ASSIGNED TASK. The required output is the lines below from the line containing "#19=CARTESIAN_POINT('',(-22.225,6.34999999999999,0.));" to the line containing "#58=ADVANCED_FACE('F33',(#57),#23,.T.);", inclusive, retyped exactly. No other lines belong in it.

EXCERPTED RECORDS.
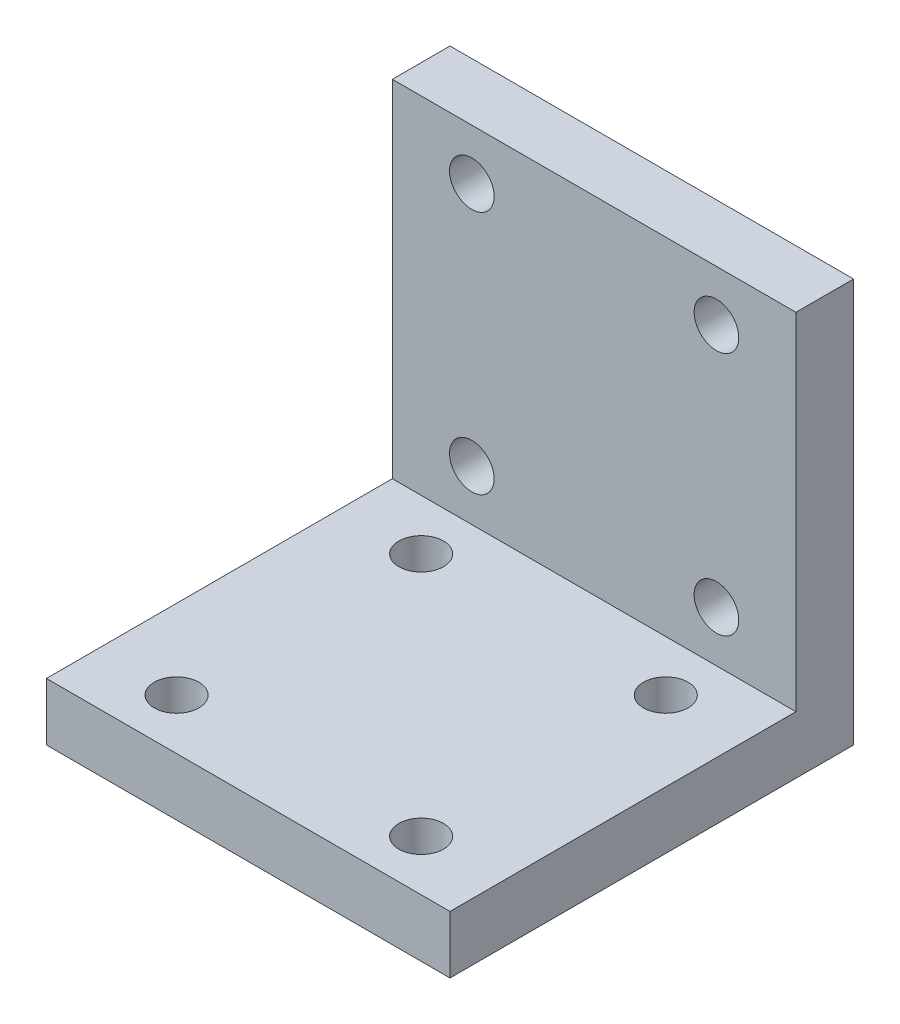
ISO-10303-21;
HEADER;
FILE_DESCRIPTION(('STEP AP214'),'2;1');
FILE_NAME('part.step','',(''),(''),'','','');
FILE_SCHEMA(('AUTOMOTIVE_DESIGN { 1 0 10303 214 1 1 1 1 }'));
ENDSEC;
DATA;
#1=APPLICATION_CONTEXT('core data for automotive mechanical design processes');
#2=APPLICATION_PROTOCOL_DEFINITION('international standard','automotive_design',2000,#1);
#3=PRODUCT_CONTEXT('',#1,'mechanical');
#4=PRODUCT('Part','Part','',(#3));
#5=PRODUCT_RELATED_PRODUCT_CATEGORY('part','',(#4));
#6=PRODUCT_DEFINITION_FORMATION('','',#4);
#7=PRODUCT_DEFINITION_CONTEXT('part definition',#1,'design');
#8=PRODUCT_DEFINITION('design','',#6,#7);
#9=PRODUCT_DEFINITION_SHAPE('','',#8);
#10=(LENGTH_UNIT() NAMED_UNIT(*) SI_UNIT(.MILLI.,.METRE.));
#11=(NAMED_UNIT(*) PLANE_ANGLE_UNIT() SI_UNIT($,.RADIAN.));
#12=(NAMED_UNIT(*) SI_UNIT($,.STERADIAN.) SOLID_ANGLE_UNIT());
#13=UNCERTAINTY_MEASURE_WITH_UNIT(LENGTH_MEASURE(1.E-05),#10,'distance_accuracy_value','');
#14=(GEOMETRIC_REPRESENTATION_CONTEXT(3) GLOBAL_UNCERTAINTY_ASSIGNED_CONTEXT((#13)) GLOBAL_UNIT_ASSIGNED_CONTEXT((#10,
#11,#12)) REPRESENTATION_CONTEXT('',''));
#15=CARTESIAN_POINT('',(0.,0.,0.));
#16=DIRECTION('',(0.,0.,1.));
#17=DIRECTION('',(1.,0.,0.));
#18=AXIS2_PLACEMENT_3D('',#15,#16,#17);
#19=CARTESIAN_POINT('',(-22.225,6.34999999999999,0.));
#20=DIRECTION('',(0.,0.,1.));
#21=DIRECTION('',(0.,-1.,0.));
#22=AXIS2_PLACEMENT_3D('',#19,#20,#21);
#23=PLANE('',#22);
#24=DIRECTION('',(0.,-1.,0.));
#25=VECTOR('',#24,1.);
#26=CARTESIAN_POINT('',(22.225,6.34999999999999,0.));
#27=LINE('',#26,#25);
#28=CARTESIAN_POINT('',(22.225,6.34999999999999,0.));
#29=VERTEX_POINT('',#28);
#30=CARTESIAN_POINT('',(22.225,0.,0.));
#31=VERTEX_POINT('',#30);
#32=EDGE_CURVE('E118',#29,#31,#27,.T.);
#33=ORIENTED_EDGE('',*,*,#32,.F.);
#34=DIRECTION('',(1.,0.,0.));
#35=VECTOR('',#34,1.);
#36=CARTESIAN_POINT('',(-22.225,6.34999999999999,0.));
#37=LINE('',#36,#35);
#38=CARTESIAN_POINT('',(-22.225,6.34999999999999,0.));
#39=VERTEX_POINT('',#38);
#40=EDGE_CURVE('E11',#39,#29,#37,.T.);
#41=ORIENTED_EDGE('',*,*,#40,.F.);
#42=DIRECTION('',(0.,-1.,0.));
#43=VECTOR('',#42,1.);
#44=CARTESIAN_POINT('',(-22.225,6.34999999999999,0.));
#45=LINE('',#44,#43);
#46=CARTESIAN_POINT('',(-22.225,0.,0.));
#47=VERTEX_POINT('',#46);
#48=EDGE_CURVE('E133',#39,#47,#45,.T.);
#49=ORIENTED_EDGE('',*,*,#48,.T.);
#50=DIRECTION('',(1.,0.,0.));
#51=VECTOR('',#50,1.);
#52=CARTESIAN_POINT('',(-22.225,0.,0.));
#53=LINE('',#52,#51);
#54=EDGE_CURVE('E36',#47,#31,#53,.T.);
#55=ORIENTED_EDGE('',*,*,#54,.T.);
#56=EDGE_LOOP('',(#33,#41,#49,#55));
#57=FACE_BOUND('',#56,.T.);
#58=ADVANCED_FACE('F33',(#57),#23,.T.);
#59=CARTESIAN_POINT('',(-22.225,6.34999999999999,-38.1));
#60=DIRECTION('',(0.,1.,0.));
#61=DIRECTION('',(0.,0.,1.));
#62=AXIS2_PLACEMENT_3D('',#59,#60,#61);
#63=PLANE('',#62);
#64=CARTESIAN_POINT('',(13.4703841816037,6.34999999999999,-5.57961581839627));
#65=DIRECTION('',(0.,1.,0.));
#66=DIRECTION('',(0.,0.,1.));
#67=AXIS2_PLACEMENT_3D('',#64,#65,#66);
#68=CIRCLE('',#67,2.45745);
#69=CARTESIAN_POINT('',(13.4703841816037,6.34999999999999,-3.12216581839628));
#70=VERTEX_POINT('',#69);
#71=EDGE_CURVE('E197',#70,#70,#68,.T.);
#72=ORIENTED_EDGE('',*,*,#71,.F.);
#73=EDGE_LOOP('',(#72));
#74=FACE_BOUND('',#73,.T.);
#75=CARTESIAN_POINT('',(-13.4703841816037,6.34999999999999,-32.5203841816037));
#76=DIRECTION('',(0.,1.,0.));
#77=DIRECTION('',(0.,0.,1.));
#78=AXIS2_PLACEMENT_3D('',#75,#76,#77);
#79=CIRCLE('',#78,2.45745);
#80=CARTESIAN_POINT('',(-13.4703841816037,6.34999999999999,-30.0629341816037));
#81=VERTEX_POINT('',#80);
#82=EDGE_CURVE('E193',#81,#81,#79,.T.);
#83=ORIENTED_EDGE('',*,*,#82,.F.);
#84=EDGE_LOOP('',(#83));
#85=FACE_BOUND('',#84,.T.);
#86=CARTESIAN_POINT('',(-13.4703841816037,6.34999999999999,-5.57961581839627));
#87=DIRECTION('',(0.,1.,0.));
#88=DIRECTION('',(0.,0.,1.));
#89=AXIS2_PLACEMENT_3D('',#86,#87,#88);
#90=CIRCLE('',#89,2.45745);
#91=CARTESIAN_POINT('',(-13.4703841816037,6.34999999999999,-3.12216581839627));
#92=VERTEX_POINT('',#91);
#93=EDGE_CURVE('E189',#92,#92,#90,.T.);
#94=ORIENTED_EDGE('',*,*,#93,.F.);
#95=EDGE_LOOP('',(#94));
#96=FACE_BOUND('',#95,.T.);
#97=CARTESIAN_POINT('',(13.4703841816037,6.34999999999999,-32.5203841816037));
#98=DIRECTION('',(0.,1.,0.));
#99=DIRECTION('',(0.,0.,1.));
#100=AXIS2_PLACEMENT_3D('',#97,#98,#99);
#101=CIRCLE('',#100,2.45745);
#102=CARTESIAN_POINT('',(13.4703841816037,6.34999999999999,-30.0629341816037));
#103=VERTEX_POINT('',#102);
#104=EDGE_CURVE('E181',#103,#103,#101,.T.);
#105=ORIENTED_EDGE('',*,*,#104,.F.);
#106=EDGE_LOOP('',(#105));
#107=FACE_BOUND('',#106,.T.);
#108=DIRECTION('',(0.,0.,1.));
#109=VECTOR('',#108,1.);
#110=CARTESIAN_POINT('',(22.225,6.34999999999999,-38.1));
#111=LINE('',#110,#109);
#112=CARTESIAN_POINT('',(22.225,6.34999999999999,-38.1));
#113=VERTEX_POINT('',#112);
#114=EDGE_CURVE('E131',#113,#29,#111,.T.);
#115=ORIENTED_EDGE('',*,*,#114,.F.);
#116=DIRECTION('',(1.,0.,0.));
#117=VECTOR('',#116,1.);
#118=CARTESIAN_POINT('',(-22.225,6.34999999999999,-38.1));
#119=LINE('',#118,#117);
#120=CARTESIAN_POINT('',(-22.225,6.34999999999999,-38.1));
#121=VERTEX_POINT('',#120);
#122=EDGE_CURVE('E42',#121,#113,#119,.T.);
#123=ORIENTED_EDGE('',*,*,#122,.F.);
#124=DIRECTION('',(0.,0.,1.));
#125=VECTOR('',#124,1.);
#126=CARTESIAN_POINT('',(-22.225,6.34999999999999,-38.1));
#127=LINE('',#126,#125);
#128=EDGE_CURVE('E108',#121,#39,#127,.T.);
#129=ORIENTED_EDGE('',*,*,#128,.T.);
#130=ORIENTED_EDGE('',*,*,#40,.T.);
#131=EDGE_LOOP('',(#115,#123,#129,#130));
#132=FACE_BOUND('',#131,.T.);
#133=ADVANCED_FACE('F141',(#74,#85,#96,#107,#132),#63,.T.);
#134=CARTESIAN_POINT('',(-22.225,44.45,-38.1));
#135=DIRECTION('',(0.,0.,1.));
#136=DIRECTION('',(1.,0.,0.));
#137=AXIS2_PLACEMENT_3D('',#134,#135,#136);
#138=PLANE('',#137);
#139=CARTESIAN_POINT('',(13.4703841816037,38.8703841816037,-38.1));
#140=DIRECTION('',(0.,0.,1.));
#141=DIRECTION('',(0.,-1.,0.));
#142=AXIS2_PLACEMENT_3D('',#139,#140,#141);
#143=CIRCLE('',#142,2.45745);
#144=CARTESIAN_POINT('',(13.4703841816037,36.4129341816037,-38.1));
#145=VERTEX_POINT('',#144);
#146=EDGE_CURVE('E221',#145,#145,#143,.T.);
#147=ORIENTED_EDGE('',*,*,#146,.F.);
#148=EDGE_LOOP('',(#147));
#149=FACE_BOUND('',#148,.T.);
#150=CARTESIAN_POINT('',(-13.4703841816037,11.9296158183963,-38.1));
#151=DIRECTION('',(0.,0.,1.));
#152=DIRECTION('',(0.,-1.,0.));
#153=AXIS2_PLACEMENT_3D('',#150,#151,#152);
#154=CIRCLE('',#153,2.45745);
#155=CARTESIAN_POINT('',(-13.4703841816037,9.47216581839625,-38.1));
#156=VERTEX_POINT('',#155);
#157=EDGE_CURVE('E215',#156,#156,#154,.T.);
#158=ORIENTED_EDGE('',*,*,#157,.F.);
#159=EDGE_LOOP('',(#158));
#160=FACE_BOUND('',#159,.T.);
#161=CARTESIAN_POINT('',(-13.4703841816037,38.8703841816037,-38.1));
#162=DIRECTION('',(0.,0.,1.));
#163=DIRECTION('',(0.,-1.,0.));
#164=AXIS2_PLACEMENT_3D('',#161,#162,#163);
#165=CIRCLE('',#164,2.45745);
#166=CARTESIAN_POINT('',(-13.4703841816037,36.4129341816037,-38.1));
#167=VERTEX_POINT('',#166);
#168=EDGE_CURVE('E209',#167,#167,#165,.T.);
#169=ORIENTED_EDGE('',*,*,#168,.F.);
#170=EDGE_LOOP('',(#169));
#171=FACE_BOUND('',#170,.T.);
#172=CARTESIAN_POINT('',(13.4703841816037,11.9296158183963,-38.1));
#173=DIRECTION('',(0.,0.,1.));
#174=DIRECTION('',(0.,-1.,0.));
#175=AXIS2_PLACEMENT_3D('',#172,#173,#174);
#176=CIRCLE('',#175,2.45745);
#177=CARTESIAN_POINT('',(13.4703841816037,9.47216581839625,-38.1));
#178=VERTEX_POINT('',#177);
#179=EDGE_CURVE('E203',#178,#178,#176,.T.);
#180=ORIENTED_EDGE('',*,*,#179,.F.);
#181=EDGE_LOOP('',(#180));
#182=FACE_BOUND('',#181,.T.);
#183=DIRECTION('',(0.,-1.,0.));
#184=VECTOR('',#183,1.);
#185=CARTESIAN_POINT('',(22.225,44.45,-38.1));
#186=LINE('',#185,#184);
#187=CARTESIAN_POINT('',(22.225,44.45,-38.1));
#188=VERTEX_POINT('',#187);
#189=EDGE_CURVE('E95',#188,#113,#186,.T.);
#190=ORIENTED_EDGE('',*,*,#189,.F.);
#191=DIRECTION('',(1.,0.,0.));
#192=VECTOR('',#191,1.);
#193=CARTESIAN_POINT('',(-22.225,44.45,-38.1));
#194=LINE('',#193,#192);
#195=CARTESIAN_POINT('',(-22.225,44.45,-38.1));
#196=VERTEX_POINT('',#195);
#197=EDGE_CURVE('E90',#196,#188,#194,.T.);
#198=ORIENTED_EDGE('',*,*,#197,.F.);
#199=DIRECTION('',(0.,-1.,0.));
#200=VECTOR('',#199,1.);
#201=CARTESIAN_POINT('',(-22.225,44.45,-38.1));
#202=LINE('',#201,#200);
#203=EDGE_CURVE('E93',#196,#121,#202,.T.);
#204=ORIENTED_EDGE('',*,*,#203,.T.);
#205=ORIENTED_EDGE('',*,*,#122,.T.);
#206=EDGE_LOOP('',(#190,#198,#204,#205));
#207=FACE_BOUND('',#206,.T.);
#208=ADVANCED_FACE('F92',(#149,#160,#171,#182,#207),#138,.T.);
#209=CARTESIAN_POINT('',(-22.225,44.45,-44.45));
#210=DIRECTION('',(0.,1.,0.));
#211=DIRECTION('',(0.,0.,1.));
#212=AXIS2_PLACEMENT_3D('',#209,#210,#211);
#213=PLANE('',#212);
#214=DIRECTION('',(0.,0.,1.));
#215=VECTOR('',#214,1.);
#216=CARTESIAN_POINT('',(22.225,44.45,-44.45));
#217=LINE('',#216,#215);
#218=CARTESIAN_POINT('',(22.225,44.45,-44.45));
#219=VERTEX_POINT('',#218);
#220=EDGE_CURVE('E128',#219,#188,#217,.T.);
#221=ORIENTED_EDGE('',*,*,#220,.F.);
#222=DIRECTION('',(1.,0.,0.));
#223=VECTOR('',#222,1.);
#224=CARTESIAN_POINT('',(-22.225,44.45,-44.45));
#225=LINE('',#224,#223);
#226=CARTESIAN_POINT('',(-22.225,44.45,-44.45));
#227=VERTEX_POINT('',#226);
#228=EDGE_CURVE('E100',#227,#219,#225,.T.);
#229=ORIENTED_EDGE('',*,*,#228,.F.);
#230=DIRECTION('',(0.,0.,1.));
#231=VECTOR('',#230,1.);
#232=CARTESIAN_POINT('',(-22.225,44.45,-44.45));
#233=LINE('',#232,#231);
#234=EDGE_CURVE('E106',#227,#196,#233,.T.);
#235=ORIENTED_EDGE('',*,*,#234,.T.);
#236=ORIENTED_EDGE('',*,*,#197,.T.);
#237=EDGE_LOOP('',(#221,#229,#235,#236));
#238=FACE_BOUND('',#237,.T.);
#239=ADVANCED_FACE('F110',(#238),#213,.T.);
#240=CARTESIAN_POINT('',(-22.225,0.,-44.45));
#241=DIRECTION('',(0.,0.,-1.));
#242=DIRECTION('',(-1.,0.,0.));
#243=AXIS2_PLACEMENT_3D('',#240,#241,#242);
#244=PLANE('',#243);
#245=CARTESIAN_POINT('',(13.4703841816037,38.8703841816037,-44.45));
#246=DIRECTION('',(0.,0.,-1.));
#247=DIRECTION('',(-1.,0.,0.));
#248=AXIS2_PLACEMENT_3D('',#245,#246,#247);
#249=CIRCLE('',#248,2.45745);
#250=CARTESIAN_POINT('',(11.0129341816037,38.8703841816037,-44.45));
#251=VERTEX_POINT('',#250);
#252=EDGE_CURVE('E218',#251,#251,#249,.T.);
#253=ORIENTED_EDGE('',*,*,#252,.F.);
#254=EDGE_LOOP('',(#253));
#255=FACE_BOUND('',#254,.T.);
#256=CARTESIAN_POINT('',(-13.4703841816037,11.9296158183963,-44.45));
#257=DIRECTION('',(0.,0.,-1.));
#258=DIRECTION('',(-1.,0.,0.));
#259=AXIS2_PLACEMENT_3D('',#256,#257,#258);
#260=CIRCLE('',#259,2.45745);
#261=CARTESIAN_POINT('',(-15.9278341816037,11.9296158183963,-44.45));
#262=VERTEX_POINT('',#261);
#263=EDGE_CURVE('E212',#262,#262,#260,.T.);
#264=ORIENTED_EDGE('',*,*,#263,.F.);
#265=EDGE_LOOP('',(#264));
#266=FACE_BOUND('',#265,.T.);
#267=CARTESIAN_POINT('',(-13.4703841816037,38.8703841816037,-44.45));
#268=DIRECTION('',(0.,0.,-1.));
#269=DIRECTION('',(-1.,0.,0.));
#270=AXIS2_PLACEMENT_3D('',#267,#268,#269);
#271=CIRCLE('',#270,2.45745);
#272=CARTESIAN_POINT('',(-15.9278341816037,38.8703841816037,-44.45));
#273=VERTEX_POINT('',#272);
#274=EDGE_CURVE('E206',#273,#273,#271,.T.);
#275=ORIENTED_EDGE('',*,*,#274,.F.);
#276=EDGE_LOOP('',(#275));
#277=FACE_BOUND('',#276,.T.);
#278=CARTESIAN_POINT('',(13.4703841816037,11.9296158183963,-44.45));
#279=DIRECTION('',(0.,0.,-1.));
#280=DIRECTION('',(-1.,0.,0.));
#281=AXIS2_PLACEMENT_3D('',#278,#279,#280);
#282=CIRCLE('',#281,2.45745);
#283=CARTESIAN_POINT('',(11.0129341816037,11.9296158183963,-44.45));
#284=VERTEX_POINT('',#283);
#285=EDGE_CURVE('E200',#284,#284,#282,.T.);
#286=ORIENTED_EDGE('',*,*,#285,.F.);
#287=EDGE_LOOP('',(#286));
#288=FACE_BOUND('',#287,.T.);
#289=DIRECTION('',(0.,1.,0.));
#290=VECTOR('',#289,1.);
#291=CARTESIAN_POINT('',(22.225,0.,-44.45));
#292=LINE('',#291,#290);
#293=CARTESIAN_POINT('',(22.225,0.,-44.45));
#294=VERTEX_POINT('',#293);
#295=EDGE_CURVE('E125',#294,#219,#292,.T.);
#296=ORIENTED_EDGE('',*,*,#295,.F.);
#297=DIRECTION('',(1.,0.,0.));
#298=VECTOR('',#297,1.);
#299=CARTESIAN_POINT('',(-22.225,0.,-44.45));
#300=LINE('',#299,#298);
#301=CARTESIAN_POINT('',(-22.225,0.,-44.45));
#302=VERTEX_POINT('',#301);
#303=EDGE_CURVE('E136',#302,#294,#300,.T.);
#304=ORIENTED_EDGE('',*,*,#303,.F.);
#305=DIRECTION('',(0.,1.,0.));
#306=VECTOR('',#305,1.);
#307=CARTESIAN_POINT('',(-22.225,0.,-44.45));
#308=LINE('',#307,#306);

EXPECTED ANSWER.
#19=CARTESIAN_POINT('',(-22.225,6.34999999999999,0.));
#20=DIRECTION('',(0.,0.,1.));
#21=DIRECTION('',(0.,-1.,0.));
#22=AXIS2_PLACEMENT_3D('',#19,#20,#21);
#23=PLANE('',#22);
#24=DIRECTION('',(0.,-1.,0.));
#25=VECTOR('',#24,1.);
#26=CARTESIAN_POINT('',(22.225,6.34999999999999,0.));
#27=LINE('',#26,#25);
#28=CARTESIAN_POINT('',(22.225,6.34999999999999,0.));
#29=VERTEX_POINT('',#28);
#30=CARTESIAN_POINT('',(22.225,0.,0.));
#31=VERTEX_POINT('',#30);
#32=EDGE_CURVE('E118',#29,#31,#27,.T.);
#33=ORIENTED_EDGE('',*,*,#32,.F.);
#34=DIRECTION('',(1.,0.,0.));
#35=VECTOR('',#34,1.);
#36=CARTESIAN_POINT('',(-22.225,6.34999999999999,0.));
#37=LINE('',#36,#35);
#38=CARTESIAN_POINT('',(-22.225,6.34999999999999,0.));
#39=VERTEX_POINT('',#38);
#40=EDGE_CURVE('E11',#39,#29,#37,.T.);
#41=ORIENTED_EDGE('',*,*,#40,.F.);
#42=DIRECTION('',(0.,-1.,0.));
#43=VECTOR('',#42,1.);
#44=CARTESIAN_POINT('',(-22.225,6.34999999999999,0.));
#45=LINE('',#44,#43);
#46=CARTESIAN_POINT('',(-22.225,0.,0.));
#47=VERTEX_POINT('',#46);
#48=EDGE_CURVE('E133',#39,#47,#45,.T.);
#49=ORIENTED_EDGE('',*,*,#48,.T.);
#50=DIRECTION('',(1.,0.,0.));
#51=VECTOR('',#50,1.);
#52=CARTESIAN_POINT('',(-22.225,0.,0.));
#53=LINE('',#52,#51);
#54=EDGE_CURVE('E36',#47,#31,#53,.T.);
#55=ORIENTED_EDGE('',*,*,#54,.T.);
#56=EDGE_LOOP('',(#33,#41,#49,#55));
#57=FACE_BOUND('',#56,.T.);
#58=ADVANCED_FACE('F33',(#57),#23,.T.);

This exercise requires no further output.